4. Allow the Book to be Your Inspiration

"It's a long way of saying that I think every book is going to have a different process. But the one commonality for all adaptations, for me at least, and it's true from a lot of people I speak to, is that the book has to be the inspiration, but it can't be the step-by-step manual … I really do think you have to crack open the spine of the book. And what I mean by that is at some point, you just have to let the original source material go and make sure you give the story a life that feels like it can be filmed, right? The filmic medium is so different."

You can pull a lot of inspiration from a book, including its characters, arcs and relationships, key scenes and moments, and even a great ending. But remember that television shows are like miniature movies; each episode needs its own plot, with a cliffhanger at the end that makes you want to come back next week.

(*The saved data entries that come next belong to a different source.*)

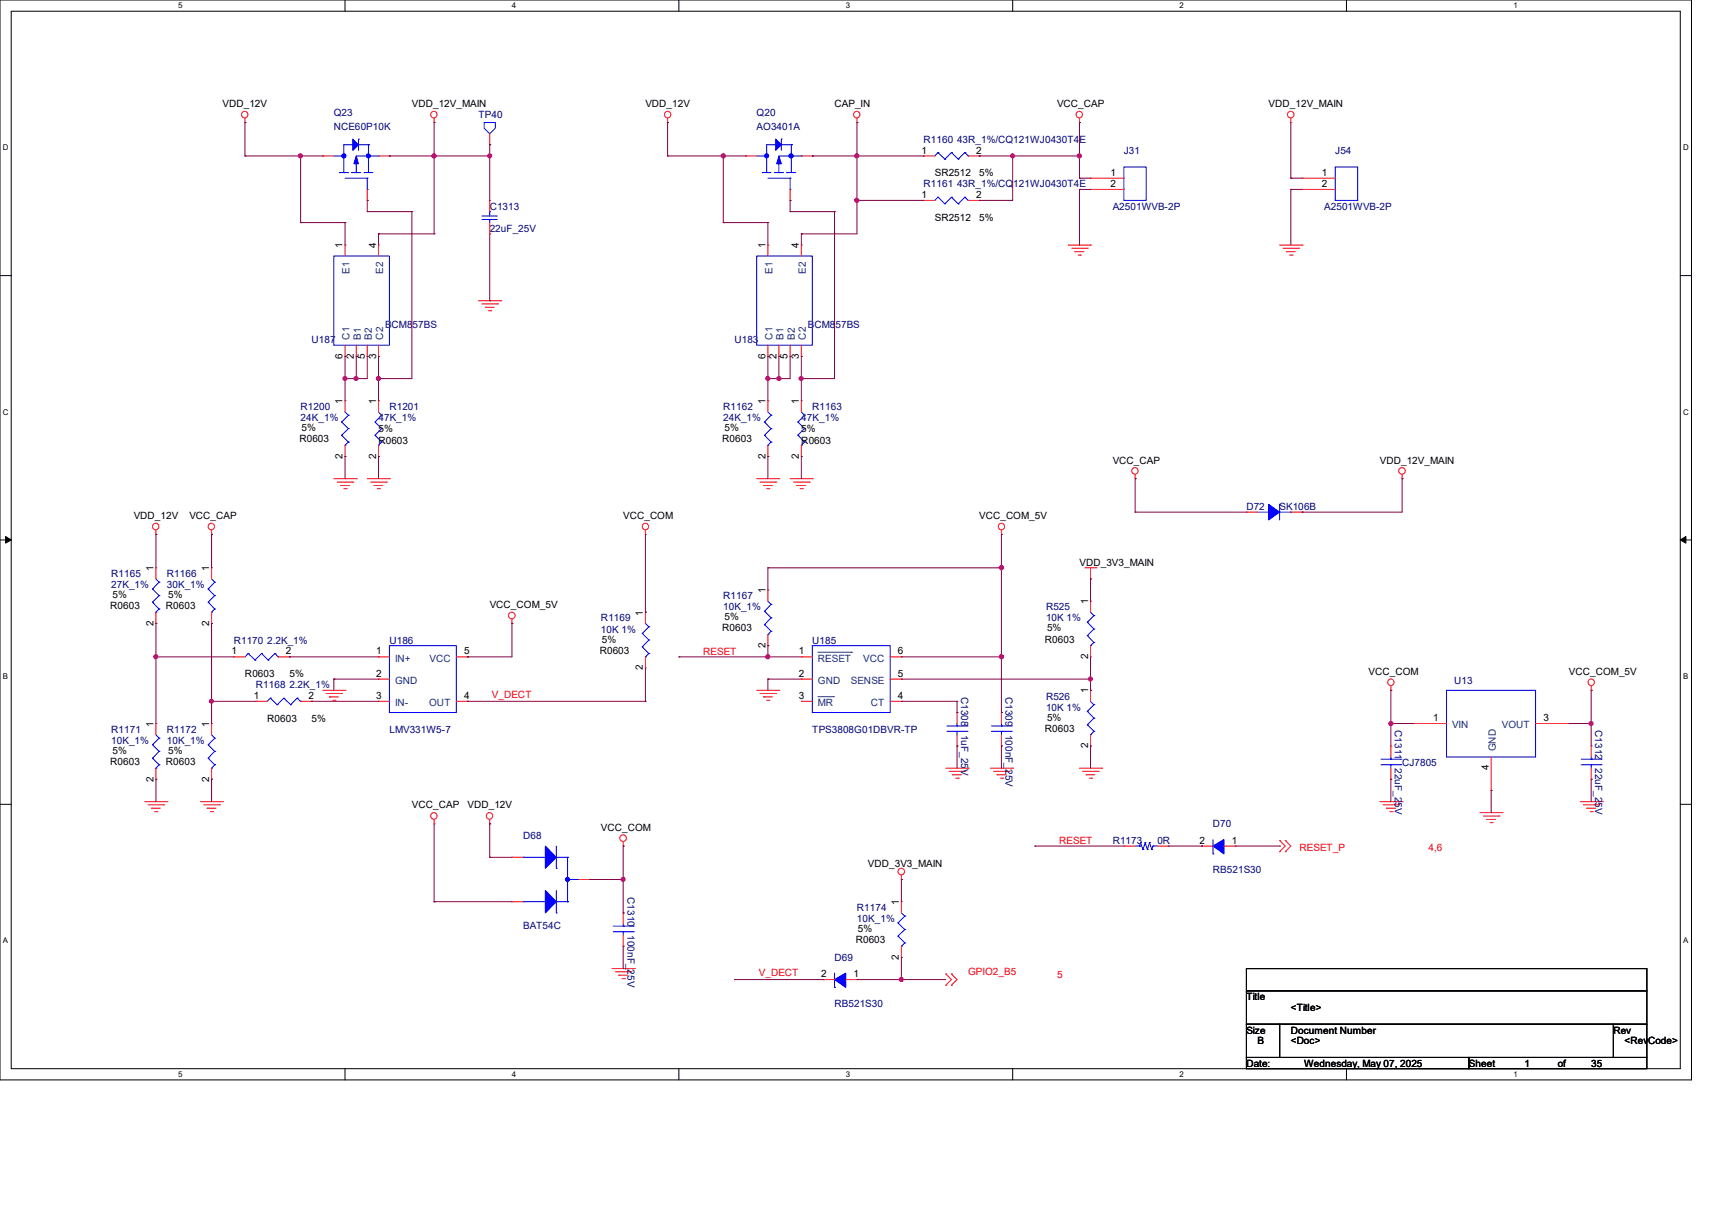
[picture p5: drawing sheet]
<svg xmlns="http://www.w3.org/2000/svg" width="297mm" height="210mm" viewBox="0 0 297 210" stroke-linecap="round" stroke-linejoin="round" font-family="sans-serif">
<path d="M0 0h293.5v187.3h-293.5zM1.9 1.9h289.6v183.4h-289.6z" fill="none" stroke="#000" stroke-width=".17"/>
<g fill="#fff">
<path d="M30.9 .2h.8v1.5h-.8z"/>
<path d="M30.9 185.5h.8v1.6h-.8z"/>
</g>
<path d="M59.9 0v1.9M59.9 185.3v2" fill="none" stroke="#000" stroke-width=".17"/>
<g fill="#fff">
<path d="M88.8 .2h.8v1.5h-.8z"/>
<path d="M88.8 185.5h.8v1.6h-.8z"/>
</g>
<path d="M117.8 0v1.9M117.8 185.3v2" fill="none" stroke="#000" stroke-width=".17"/>
<g fill="#fff">
<path d="M146.7 .2h.8v1.5h-.8z"/>
<path d="M146.7 185.5h.8v1.6h-.8z"/>
</g>
<path d="M175.7 0v1.9M175.7 185.3v2" fill="none" stroke="#000" stroke-width=".17"/>
<g fill="#fff">
<path d="M204.6 .2h.8v1.5h-.8z"/>
<path d="M204.6 185.5h.8v1.6h-.8z"/>
</g>
<path d="M233.6 0v1.9M233.6 185.3v2" fill="none" stroke="#000" stroke-width=".17"/>
<g fill="#fff">
<path d="M262.6 .2h.7v1.5h-.7z"/>
<path d="M262.6 185.5h.7v1.6h-.7z"/>
<path d="M.5 24.8h1v1.6h-1z"/>
<path d="M292 24.8h1v1.6h-1z"/>
<path d="M.5 70.7h1v1.5h-1z"/>
<path d="M292 70.7h1v1.5h-1z"/>
</g>
<path d="M0 47.8h1.9M291.5 47.8h2" fill="none" stroke="#000" stroke-width=".17"/>
<g fill="#fff">
<path d="M.5 116.5h.9v1.6h-.9z"/>
<path d="M292 116.5h.9v1.6h-.9z"/>
</g>
<path d="M0 93.6h1.9M291.5 93.6h2" fill="none" stroke="#000" stroke-width=".17"/>
<path d="M1 93l.9 .6-.9 .6zM291.5 93.6l1-.6v1.2z" fill="#000" stroke="#000" stroke-width=".17"/>
<g fill="#fff">
<path d="M.5 162.4h.9v1.5h-.9z"/>
<path d="M292 162.4h.9v1.5h-.9z"/>
</g>
<path d="M0 139.5h1.9M291.5 139.5h2M216.2 168h69.5v3.8h-69.5zM216.2 171.8h69.5v5.8h-69.5zM216.2 177.6h5.8v5.8h-5.8zM222 177.6h57.9v5.8h-57.9zM279.9 177.6h5.8v5.8h-5.8zM216.2 183.4h38.6v1.9h-38.6zM254.8 183.4h30.9v1.9h-30.9z" fill="none" stroke="#000" stroke-width=".17"/>
<g fill="none" stroke="#f00" stroke-width=".17">
<path d="M42.5 21.3h.1M42.5 20.5v.8M56 27.1h.1M56 27.1h1.9M63.7 34.8h.1M63.7 32.9v1.9M65.7 27.1h1.9M67.6 27.1h.1M75.3 21.3h.1M75.3 20.5v.8M85 34.8h.1M85 25.1h.1"/>
<path d="M85 23.2v1.9M85 34.8v1.9M85 38.6v2M115.8 21.3h.1M115.8 20.5v.8M129.4 27.1h.1M129.4 27.1h1.9M137.1 34.8h.1M137.1 32.9v1.9M139 27.1h1.9M140.9 27.1h.1M148.7 21.3h.1"/>
<path d="M148.7 20.5v.8M160.2 34.8h.1M160.2 27.1h.1M160.2 27.1h2M160.2 34.8h2M168 27.1h1.9M168 34.8h1.9M169.9 34.8h.1M169.9 27.1h.1M187.3 21.3h.1M187.3 20.5v.8M189.2 30.9h.1"/>
<path d="M189.2 32.9h.1M189.2 30.9h5.8M189.2 32.9h5.8M223.9 21.3h.1M223.9 20.5v.8M225.9 30.9h.1M225.9 32.9h.1M225.9 30.9h5.7M225.9 32.9h5.7M59.9 42.5h.1M59.9 42.5v1.9M59.9 59.9v1.9"/>
<path d="M61.8 59.9v1.9M63.7 59.9v1.9M65.7 42.5h.1M65.7 42.5v1.9M65.7 59.9v1.9M83 52.2h3.9M83.6 52.7h2.7M84.2 53.3h.1M84.2 53.3h1.5M84.8 53.9h.3M85 40.6h.1M85.1 53.9h.1"/>
<path d="M86.3 52.7h.1M86.9 52.2h.1M133.2 42.5h.1M133.2 42.5v1.9M133.2 59.9v1.9M135.1 59.9v1.9M137.1 59.9v1.9M139 42.5h.1M139 42.5v1.9M139 59.9v1.9M185.3 42.5h3.9M185.9 43.1h2.7"/>
<path d="M186.5 43.6h.1M186.5 43.6h1.5M187.1 44.2h.4M187.5 44.2h.1M188.6 43.1h.1M189.2 42.5h.1M222 42.5h3.9M222.6 43.1h2.7M223.2 43.6h.1M223.2 43.6h1.5M223.7 44.2h.5M224.2 44.2h.1"/>
<path d="M225.3 43.1h.1M225.9 42.5h.1M59.9 61.8h.1M59.9 69.5h.1M59.9 79.2h.1M59.9 69.5v2M59.9 77.2v2M61.8 61.8h.1M63.7 61.8h.1M65.7 61.8h.1M65.7 69.5h.1M65.7 79.2h.1"/>
<path d="M65.7 69.5v2M65.7 77.2v2M133.2 69.5h.1M133.2 79.2h.1M133.2 61.8h.1M133.2 69.5v2M133.2 77.2v2M135.1 61.8h.1M137.1 61.8h.1M139 61.8h.1M139 69.5h.1M139 79.2h.1"/>
<path d="M139 69.5v2M139 77.2v2M27.1 92.7h.1M27.1 98.5h.1M27.1 91.9v.8M27.1 98.5v1.9M36.7 92.7h.1M36.7 98.5h.1M36.7 91.9v.8M36.7 98.5v1.9M57.9 83h3.9M58.5 83.6h2.7"/>
<path d="M59.1 84.2h.1M59.1 84.2h1.5M59.6 84.8h.5M60.1 84.8h.1M61.2 83.6h.1M61.8 83h.1M63.7 83h3.9M64.3 83.6h2.7M64.9 84.2h.1M64.9 84.2h1.5M65.4 84.8h.4M65.8 84.8h.1"/>
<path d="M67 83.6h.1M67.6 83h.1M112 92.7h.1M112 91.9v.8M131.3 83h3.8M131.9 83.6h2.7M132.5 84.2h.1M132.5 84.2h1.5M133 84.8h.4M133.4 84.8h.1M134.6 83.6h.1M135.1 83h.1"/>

A book doesn't automatically accomplish that task.

Use the book as your story inspiration, but never as your complete TV show outline.


Adapting a book to a television show may be an even steeper challenge than an adaptation for a movie; TV shows don't follow a traditional three-act structure, and you'll have even less time to make your point. However, when used as inspiration, writers can find magic in a book translated to the television medium by allowing the essence, key characters, and perspective to shine through the television season.

Consider a great book your inspiration, and allow it to exist in the background as you determine a new, visual way to tell the story.